Your instructions:
Copy every line of the records below that holds the word "VISTA".

━━━━

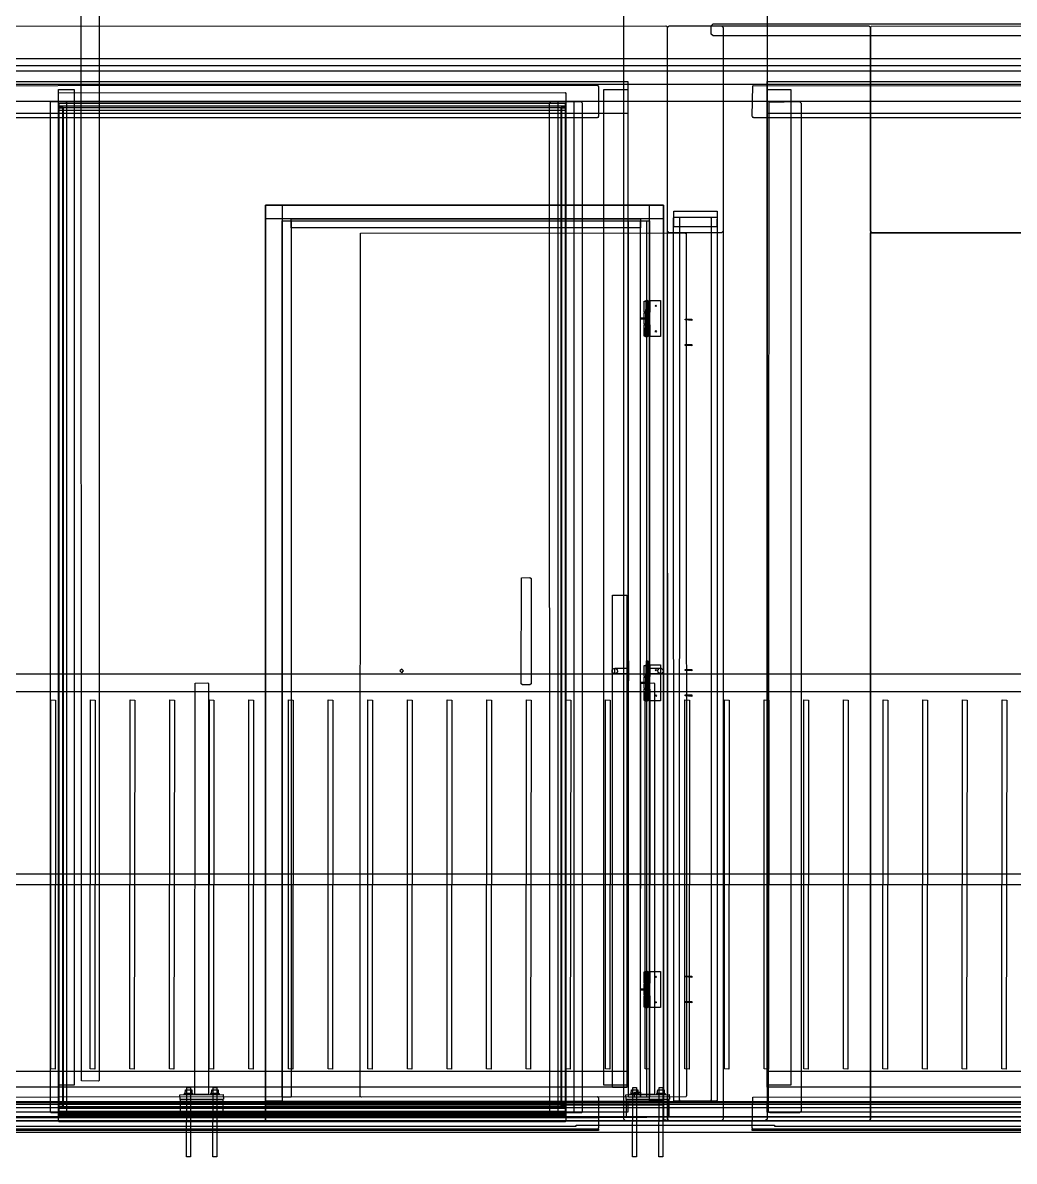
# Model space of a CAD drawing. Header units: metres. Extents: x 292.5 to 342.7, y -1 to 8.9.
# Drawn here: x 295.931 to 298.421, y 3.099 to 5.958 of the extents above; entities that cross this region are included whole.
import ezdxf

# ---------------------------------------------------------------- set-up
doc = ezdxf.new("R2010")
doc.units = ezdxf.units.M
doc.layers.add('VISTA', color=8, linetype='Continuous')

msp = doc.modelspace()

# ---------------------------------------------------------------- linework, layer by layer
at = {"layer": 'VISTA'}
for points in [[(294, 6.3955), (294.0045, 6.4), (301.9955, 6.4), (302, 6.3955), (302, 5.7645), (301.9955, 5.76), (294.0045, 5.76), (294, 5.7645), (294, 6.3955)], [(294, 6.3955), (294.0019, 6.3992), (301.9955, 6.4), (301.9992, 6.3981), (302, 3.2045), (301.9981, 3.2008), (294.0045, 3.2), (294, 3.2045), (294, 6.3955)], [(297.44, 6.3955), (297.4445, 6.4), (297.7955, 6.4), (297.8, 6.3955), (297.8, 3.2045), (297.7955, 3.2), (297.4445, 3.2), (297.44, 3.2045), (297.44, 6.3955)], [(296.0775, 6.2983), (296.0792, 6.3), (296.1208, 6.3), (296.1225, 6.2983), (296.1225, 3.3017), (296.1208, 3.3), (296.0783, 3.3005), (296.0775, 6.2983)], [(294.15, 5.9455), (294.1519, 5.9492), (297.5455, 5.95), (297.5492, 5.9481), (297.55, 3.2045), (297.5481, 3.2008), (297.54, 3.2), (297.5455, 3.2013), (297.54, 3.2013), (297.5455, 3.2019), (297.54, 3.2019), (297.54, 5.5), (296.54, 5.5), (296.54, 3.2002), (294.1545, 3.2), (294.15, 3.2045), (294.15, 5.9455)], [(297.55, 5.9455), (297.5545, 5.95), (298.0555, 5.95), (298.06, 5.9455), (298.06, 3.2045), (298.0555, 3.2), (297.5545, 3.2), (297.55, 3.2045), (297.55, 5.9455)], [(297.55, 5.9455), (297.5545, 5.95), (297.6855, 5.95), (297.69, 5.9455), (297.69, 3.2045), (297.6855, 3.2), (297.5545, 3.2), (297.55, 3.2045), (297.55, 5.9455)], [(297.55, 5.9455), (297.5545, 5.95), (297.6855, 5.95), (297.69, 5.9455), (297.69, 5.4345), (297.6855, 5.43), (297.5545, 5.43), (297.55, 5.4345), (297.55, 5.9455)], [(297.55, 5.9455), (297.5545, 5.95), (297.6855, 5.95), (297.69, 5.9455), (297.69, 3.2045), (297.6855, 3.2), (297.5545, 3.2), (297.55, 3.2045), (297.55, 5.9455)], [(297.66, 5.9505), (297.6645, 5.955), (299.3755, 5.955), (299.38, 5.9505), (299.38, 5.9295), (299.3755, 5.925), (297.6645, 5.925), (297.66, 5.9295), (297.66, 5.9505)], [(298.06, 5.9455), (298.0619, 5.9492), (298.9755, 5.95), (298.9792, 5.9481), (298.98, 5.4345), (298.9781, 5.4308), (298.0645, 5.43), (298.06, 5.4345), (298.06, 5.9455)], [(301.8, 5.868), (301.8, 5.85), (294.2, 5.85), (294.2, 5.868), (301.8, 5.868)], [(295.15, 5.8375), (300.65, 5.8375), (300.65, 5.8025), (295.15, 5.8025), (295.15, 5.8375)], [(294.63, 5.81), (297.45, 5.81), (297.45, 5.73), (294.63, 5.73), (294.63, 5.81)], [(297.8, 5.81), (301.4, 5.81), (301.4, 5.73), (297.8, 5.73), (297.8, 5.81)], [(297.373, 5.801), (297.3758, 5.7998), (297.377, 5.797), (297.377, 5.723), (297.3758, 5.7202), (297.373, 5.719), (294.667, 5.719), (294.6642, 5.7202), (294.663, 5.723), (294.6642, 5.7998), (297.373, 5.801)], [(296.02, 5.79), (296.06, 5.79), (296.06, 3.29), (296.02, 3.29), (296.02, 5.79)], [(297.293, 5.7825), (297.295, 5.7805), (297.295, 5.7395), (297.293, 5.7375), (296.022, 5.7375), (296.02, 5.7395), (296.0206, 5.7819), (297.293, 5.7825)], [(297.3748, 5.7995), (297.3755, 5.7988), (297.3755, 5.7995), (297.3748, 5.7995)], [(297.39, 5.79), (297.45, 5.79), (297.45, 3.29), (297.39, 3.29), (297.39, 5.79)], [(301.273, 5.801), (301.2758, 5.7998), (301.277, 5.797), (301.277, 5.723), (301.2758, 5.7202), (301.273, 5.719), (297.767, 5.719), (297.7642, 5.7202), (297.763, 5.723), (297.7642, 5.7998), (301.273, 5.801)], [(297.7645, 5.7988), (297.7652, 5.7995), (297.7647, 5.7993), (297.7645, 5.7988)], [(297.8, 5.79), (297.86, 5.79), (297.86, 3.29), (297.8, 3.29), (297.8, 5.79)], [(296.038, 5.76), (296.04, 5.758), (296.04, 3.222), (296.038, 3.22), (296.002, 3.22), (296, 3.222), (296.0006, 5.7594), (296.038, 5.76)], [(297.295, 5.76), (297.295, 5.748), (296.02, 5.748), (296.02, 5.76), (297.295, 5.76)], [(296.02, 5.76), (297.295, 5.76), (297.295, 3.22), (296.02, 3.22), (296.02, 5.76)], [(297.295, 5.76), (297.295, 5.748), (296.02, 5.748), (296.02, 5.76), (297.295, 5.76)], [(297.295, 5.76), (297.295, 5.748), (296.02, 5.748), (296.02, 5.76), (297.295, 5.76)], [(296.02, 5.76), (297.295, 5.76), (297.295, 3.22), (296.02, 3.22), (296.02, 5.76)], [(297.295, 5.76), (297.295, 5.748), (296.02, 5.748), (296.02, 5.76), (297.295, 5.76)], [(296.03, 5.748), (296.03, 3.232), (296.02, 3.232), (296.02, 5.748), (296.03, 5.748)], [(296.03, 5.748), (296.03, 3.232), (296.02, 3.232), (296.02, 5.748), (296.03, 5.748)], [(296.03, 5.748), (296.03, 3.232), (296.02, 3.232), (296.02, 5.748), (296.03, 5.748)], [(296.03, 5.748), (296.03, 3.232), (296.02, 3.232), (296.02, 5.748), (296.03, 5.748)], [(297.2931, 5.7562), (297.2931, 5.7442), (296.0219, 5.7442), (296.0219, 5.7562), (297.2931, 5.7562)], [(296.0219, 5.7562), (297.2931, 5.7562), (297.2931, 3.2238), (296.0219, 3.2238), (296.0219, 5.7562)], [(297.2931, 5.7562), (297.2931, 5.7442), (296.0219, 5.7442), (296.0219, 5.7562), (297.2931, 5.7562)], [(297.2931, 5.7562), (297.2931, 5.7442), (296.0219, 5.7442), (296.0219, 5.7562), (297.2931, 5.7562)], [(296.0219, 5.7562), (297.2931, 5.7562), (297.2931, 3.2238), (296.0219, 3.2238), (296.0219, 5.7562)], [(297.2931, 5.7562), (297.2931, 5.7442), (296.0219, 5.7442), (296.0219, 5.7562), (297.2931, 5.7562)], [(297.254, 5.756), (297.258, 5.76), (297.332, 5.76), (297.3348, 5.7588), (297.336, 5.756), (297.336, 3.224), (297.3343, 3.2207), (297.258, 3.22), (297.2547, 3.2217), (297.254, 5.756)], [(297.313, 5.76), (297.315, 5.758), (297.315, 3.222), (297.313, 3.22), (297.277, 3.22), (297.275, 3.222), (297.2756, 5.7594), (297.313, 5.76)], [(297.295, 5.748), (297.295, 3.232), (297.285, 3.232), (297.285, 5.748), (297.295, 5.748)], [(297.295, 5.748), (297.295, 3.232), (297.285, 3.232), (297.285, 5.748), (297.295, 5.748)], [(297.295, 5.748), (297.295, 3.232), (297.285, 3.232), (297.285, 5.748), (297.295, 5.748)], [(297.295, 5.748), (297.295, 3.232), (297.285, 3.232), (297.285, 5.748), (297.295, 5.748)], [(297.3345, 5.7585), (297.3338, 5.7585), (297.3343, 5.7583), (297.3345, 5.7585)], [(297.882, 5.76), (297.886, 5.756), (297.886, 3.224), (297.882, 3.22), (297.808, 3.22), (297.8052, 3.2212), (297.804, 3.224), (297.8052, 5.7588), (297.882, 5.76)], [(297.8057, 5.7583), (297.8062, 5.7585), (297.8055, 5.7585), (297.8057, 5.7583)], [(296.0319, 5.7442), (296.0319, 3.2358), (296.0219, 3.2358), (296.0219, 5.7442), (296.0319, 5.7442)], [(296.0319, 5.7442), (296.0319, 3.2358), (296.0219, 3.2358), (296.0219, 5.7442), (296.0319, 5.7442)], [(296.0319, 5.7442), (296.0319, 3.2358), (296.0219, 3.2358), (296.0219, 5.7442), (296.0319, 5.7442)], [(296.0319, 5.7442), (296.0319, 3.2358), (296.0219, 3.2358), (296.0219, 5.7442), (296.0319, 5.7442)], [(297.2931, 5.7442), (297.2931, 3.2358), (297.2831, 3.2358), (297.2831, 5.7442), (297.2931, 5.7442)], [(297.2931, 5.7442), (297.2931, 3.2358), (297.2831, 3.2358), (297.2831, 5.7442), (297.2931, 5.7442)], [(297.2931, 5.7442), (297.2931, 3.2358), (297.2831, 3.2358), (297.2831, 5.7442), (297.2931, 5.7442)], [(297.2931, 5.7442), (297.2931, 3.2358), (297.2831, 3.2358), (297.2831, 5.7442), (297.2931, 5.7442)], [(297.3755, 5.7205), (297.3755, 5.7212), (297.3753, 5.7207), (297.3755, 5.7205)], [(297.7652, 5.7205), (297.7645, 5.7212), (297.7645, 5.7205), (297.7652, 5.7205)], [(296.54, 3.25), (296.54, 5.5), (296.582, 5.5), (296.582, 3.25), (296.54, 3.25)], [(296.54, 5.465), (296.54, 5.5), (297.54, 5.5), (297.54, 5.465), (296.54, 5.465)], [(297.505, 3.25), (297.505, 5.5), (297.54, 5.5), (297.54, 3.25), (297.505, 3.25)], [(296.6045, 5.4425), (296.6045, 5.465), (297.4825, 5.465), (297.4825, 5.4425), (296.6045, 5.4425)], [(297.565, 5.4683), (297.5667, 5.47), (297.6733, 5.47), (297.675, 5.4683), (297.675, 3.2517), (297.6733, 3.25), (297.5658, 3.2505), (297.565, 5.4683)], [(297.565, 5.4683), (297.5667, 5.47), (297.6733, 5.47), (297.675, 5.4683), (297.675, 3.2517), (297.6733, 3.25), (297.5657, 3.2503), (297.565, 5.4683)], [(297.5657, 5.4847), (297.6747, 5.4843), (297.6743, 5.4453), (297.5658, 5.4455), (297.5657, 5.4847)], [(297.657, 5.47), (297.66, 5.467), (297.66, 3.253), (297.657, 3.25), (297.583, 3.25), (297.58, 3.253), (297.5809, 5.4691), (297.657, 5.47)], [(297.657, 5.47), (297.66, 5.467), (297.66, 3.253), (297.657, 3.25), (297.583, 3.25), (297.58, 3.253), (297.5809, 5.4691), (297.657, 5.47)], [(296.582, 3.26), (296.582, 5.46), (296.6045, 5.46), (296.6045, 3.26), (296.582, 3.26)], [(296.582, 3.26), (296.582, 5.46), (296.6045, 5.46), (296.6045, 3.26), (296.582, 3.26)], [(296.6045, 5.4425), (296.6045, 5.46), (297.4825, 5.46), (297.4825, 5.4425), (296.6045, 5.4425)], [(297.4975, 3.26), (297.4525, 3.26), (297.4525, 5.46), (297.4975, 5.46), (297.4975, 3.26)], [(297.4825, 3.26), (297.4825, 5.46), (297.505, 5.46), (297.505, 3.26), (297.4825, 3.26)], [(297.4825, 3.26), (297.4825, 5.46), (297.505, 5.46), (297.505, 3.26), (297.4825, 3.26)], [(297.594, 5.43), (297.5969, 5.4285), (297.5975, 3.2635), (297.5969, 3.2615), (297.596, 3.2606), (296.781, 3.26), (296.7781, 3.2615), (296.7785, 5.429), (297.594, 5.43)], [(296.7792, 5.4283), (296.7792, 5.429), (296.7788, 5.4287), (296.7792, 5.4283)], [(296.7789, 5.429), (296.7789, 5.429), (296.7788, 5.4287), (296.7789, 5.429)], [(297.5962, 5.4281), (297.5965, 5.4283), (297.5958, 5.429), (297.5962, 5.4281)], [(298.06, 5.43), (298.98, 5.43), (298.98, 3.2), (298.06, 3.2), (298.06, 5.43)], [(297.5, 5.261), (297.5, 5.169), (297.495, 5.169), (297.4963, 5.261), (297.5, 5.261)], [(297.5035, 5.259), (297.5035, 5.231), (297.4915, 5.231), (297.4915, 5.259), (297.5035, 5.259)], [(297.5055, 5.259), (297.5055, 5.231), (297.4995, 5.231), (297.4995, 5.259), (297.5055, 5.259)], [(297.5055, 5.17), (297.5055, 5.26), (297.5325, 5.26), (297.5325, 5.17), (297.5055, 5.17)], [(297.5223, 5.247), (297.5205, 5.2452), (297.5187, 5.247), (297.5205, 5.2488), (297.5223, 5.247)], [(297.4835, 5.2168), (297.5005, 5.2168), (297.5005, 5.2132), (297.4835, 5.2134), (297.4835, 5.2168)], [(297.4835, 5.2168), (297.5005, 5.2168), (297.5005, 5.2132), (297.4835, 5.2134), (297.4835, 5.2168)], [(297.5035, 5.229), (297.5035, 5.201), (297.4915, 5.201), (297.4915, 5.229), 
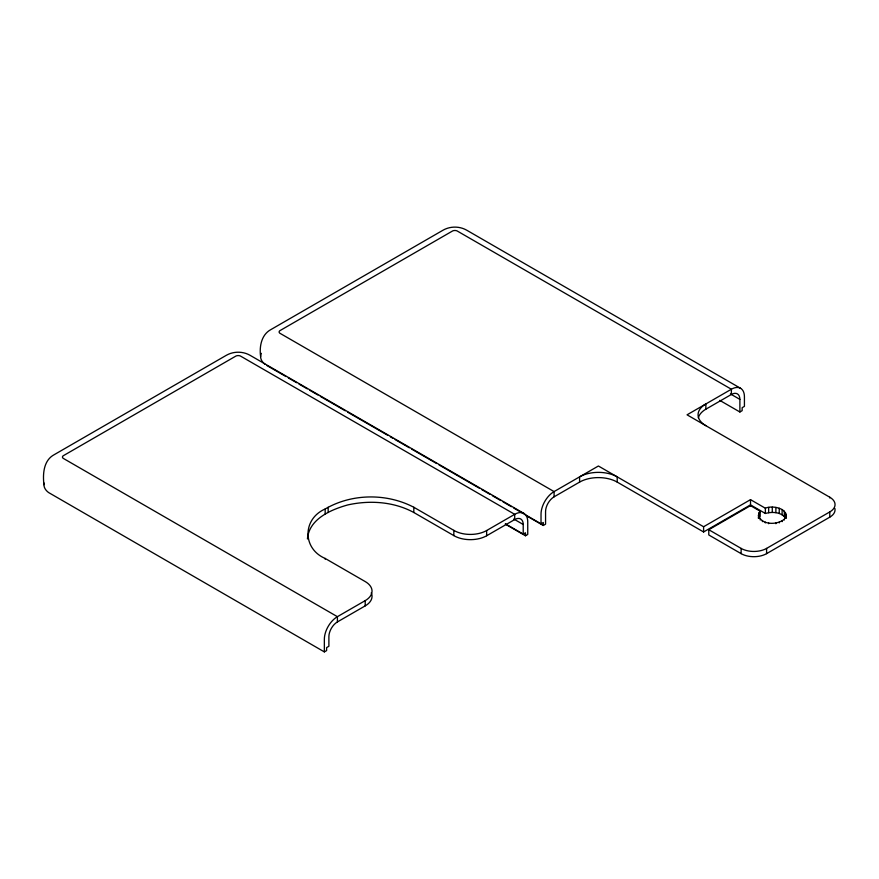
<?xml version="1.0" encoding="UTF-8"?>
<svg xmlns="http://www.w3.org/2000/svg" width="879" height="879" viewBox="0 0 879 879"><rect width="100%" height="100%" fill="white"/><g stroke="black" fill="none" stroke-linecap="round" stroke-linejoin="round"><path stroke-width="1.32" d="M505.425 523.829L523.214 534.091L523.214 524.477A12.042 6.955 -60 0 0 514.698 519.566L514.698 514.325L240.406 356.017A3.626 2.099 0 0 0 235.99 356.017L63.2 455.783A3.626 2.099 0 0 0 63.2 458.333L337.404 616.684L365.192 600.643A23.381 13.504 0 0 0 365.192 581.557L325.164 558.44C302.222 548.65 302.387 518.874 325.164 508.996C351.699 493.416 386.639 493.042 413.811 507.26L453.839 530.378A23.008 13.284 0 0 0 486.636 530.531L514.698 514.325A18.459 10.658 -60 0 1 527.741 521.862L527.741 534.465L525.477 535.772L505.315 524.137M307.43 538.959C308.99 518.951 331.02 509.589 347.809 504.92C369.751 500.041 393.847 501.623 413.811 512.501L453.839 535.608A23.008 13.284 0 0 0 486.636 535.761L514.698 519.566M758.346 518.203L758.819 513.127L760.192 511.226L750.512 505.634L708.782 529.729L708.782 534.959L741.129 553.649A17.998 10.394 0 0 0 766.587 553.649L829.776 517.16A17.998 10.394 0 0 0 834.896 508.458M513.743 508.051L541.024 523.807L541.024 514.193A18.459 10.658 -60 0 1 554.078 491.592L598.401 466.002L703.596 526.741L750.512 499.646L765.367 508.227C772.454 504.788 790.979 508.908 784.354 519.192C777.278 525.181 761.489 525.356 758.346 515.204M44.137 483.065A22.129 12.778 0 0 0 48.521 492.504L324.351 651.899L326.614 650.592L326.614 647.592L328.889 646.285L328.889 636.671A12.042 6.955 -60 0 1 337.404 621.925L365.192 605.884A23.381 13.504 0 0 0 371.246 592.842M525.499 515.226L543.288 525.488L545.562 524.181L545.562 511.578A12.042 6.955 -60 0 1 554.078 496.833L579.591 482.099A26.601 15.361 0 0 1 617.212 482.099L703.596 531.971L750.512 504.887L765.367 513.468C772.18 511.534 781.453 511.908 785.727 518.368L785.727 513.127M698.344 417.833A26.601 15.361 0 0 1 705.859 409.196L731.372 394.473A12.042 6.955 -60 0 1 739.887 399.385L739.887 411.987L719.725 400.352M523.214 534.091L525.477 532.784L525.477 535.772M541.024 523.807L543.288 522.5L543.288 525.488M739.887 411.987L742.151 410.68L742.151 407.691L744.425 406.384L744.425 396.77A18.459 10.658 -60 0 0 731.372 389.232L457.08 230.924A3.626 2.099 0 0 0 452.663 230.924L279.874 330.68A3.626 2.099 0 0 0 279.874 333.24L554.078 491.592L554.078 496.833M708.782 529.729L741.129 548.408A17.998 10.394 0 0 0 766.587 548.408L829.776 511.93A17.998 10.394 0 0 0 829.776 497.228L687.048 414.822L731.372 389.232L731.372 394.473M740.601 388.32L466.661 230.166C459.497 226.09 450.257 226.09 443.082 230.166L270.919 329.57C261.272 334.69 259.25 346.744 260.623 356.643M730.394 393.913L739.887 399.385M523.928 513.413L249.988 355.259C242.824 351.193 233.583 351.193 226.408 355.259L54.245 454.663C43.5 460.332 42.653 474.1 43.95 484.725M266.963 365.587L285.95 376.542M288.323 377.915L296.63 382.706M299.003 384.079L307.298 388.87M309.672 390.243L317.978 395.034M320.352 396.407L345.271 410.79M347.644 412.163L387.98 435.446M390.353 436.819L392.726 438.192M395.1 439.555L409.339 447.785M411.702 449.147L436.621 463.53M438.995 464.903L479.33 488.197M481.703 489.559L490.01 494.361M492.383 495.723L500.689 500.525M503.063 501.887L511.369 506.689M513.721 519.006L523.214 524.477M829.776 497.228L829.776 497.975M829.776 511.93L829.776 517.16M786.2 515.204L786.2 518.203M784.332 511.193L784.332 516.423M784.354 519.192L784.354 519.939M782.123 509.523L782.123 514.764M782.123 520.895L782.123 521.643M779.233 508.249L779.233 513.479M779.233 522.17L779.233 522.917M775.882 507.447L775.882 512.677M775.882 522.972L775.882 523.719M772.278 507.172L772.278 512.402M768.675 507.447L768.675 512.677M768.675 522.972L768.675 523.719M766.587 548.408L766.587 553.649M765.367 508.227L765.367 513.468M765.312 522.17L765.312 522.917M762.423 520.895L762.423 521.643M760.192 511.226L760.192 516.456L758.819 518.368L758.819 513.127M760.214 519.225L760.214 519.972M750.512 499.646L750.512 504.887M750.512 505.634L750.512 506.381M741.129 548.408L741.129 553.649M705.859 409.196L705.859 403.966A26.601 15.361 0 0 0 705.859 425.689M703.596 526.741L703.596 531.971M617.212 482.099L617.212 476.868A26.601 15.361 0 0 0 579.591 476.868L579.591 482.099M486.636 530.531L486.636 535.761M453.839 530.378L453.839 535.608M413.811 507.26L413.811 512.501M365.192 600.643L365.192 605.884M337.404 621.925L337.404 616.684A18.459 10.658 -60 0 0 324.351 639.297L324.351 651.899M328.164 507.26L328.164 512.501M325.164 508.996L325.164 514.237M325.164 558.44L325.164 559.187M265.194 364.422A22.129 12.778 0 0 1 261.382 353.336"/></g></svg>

━━━━

Response:
doc.layers.add('VISTA', color=8, linetype='Continuous')
at = {"layer": 'VISTA'}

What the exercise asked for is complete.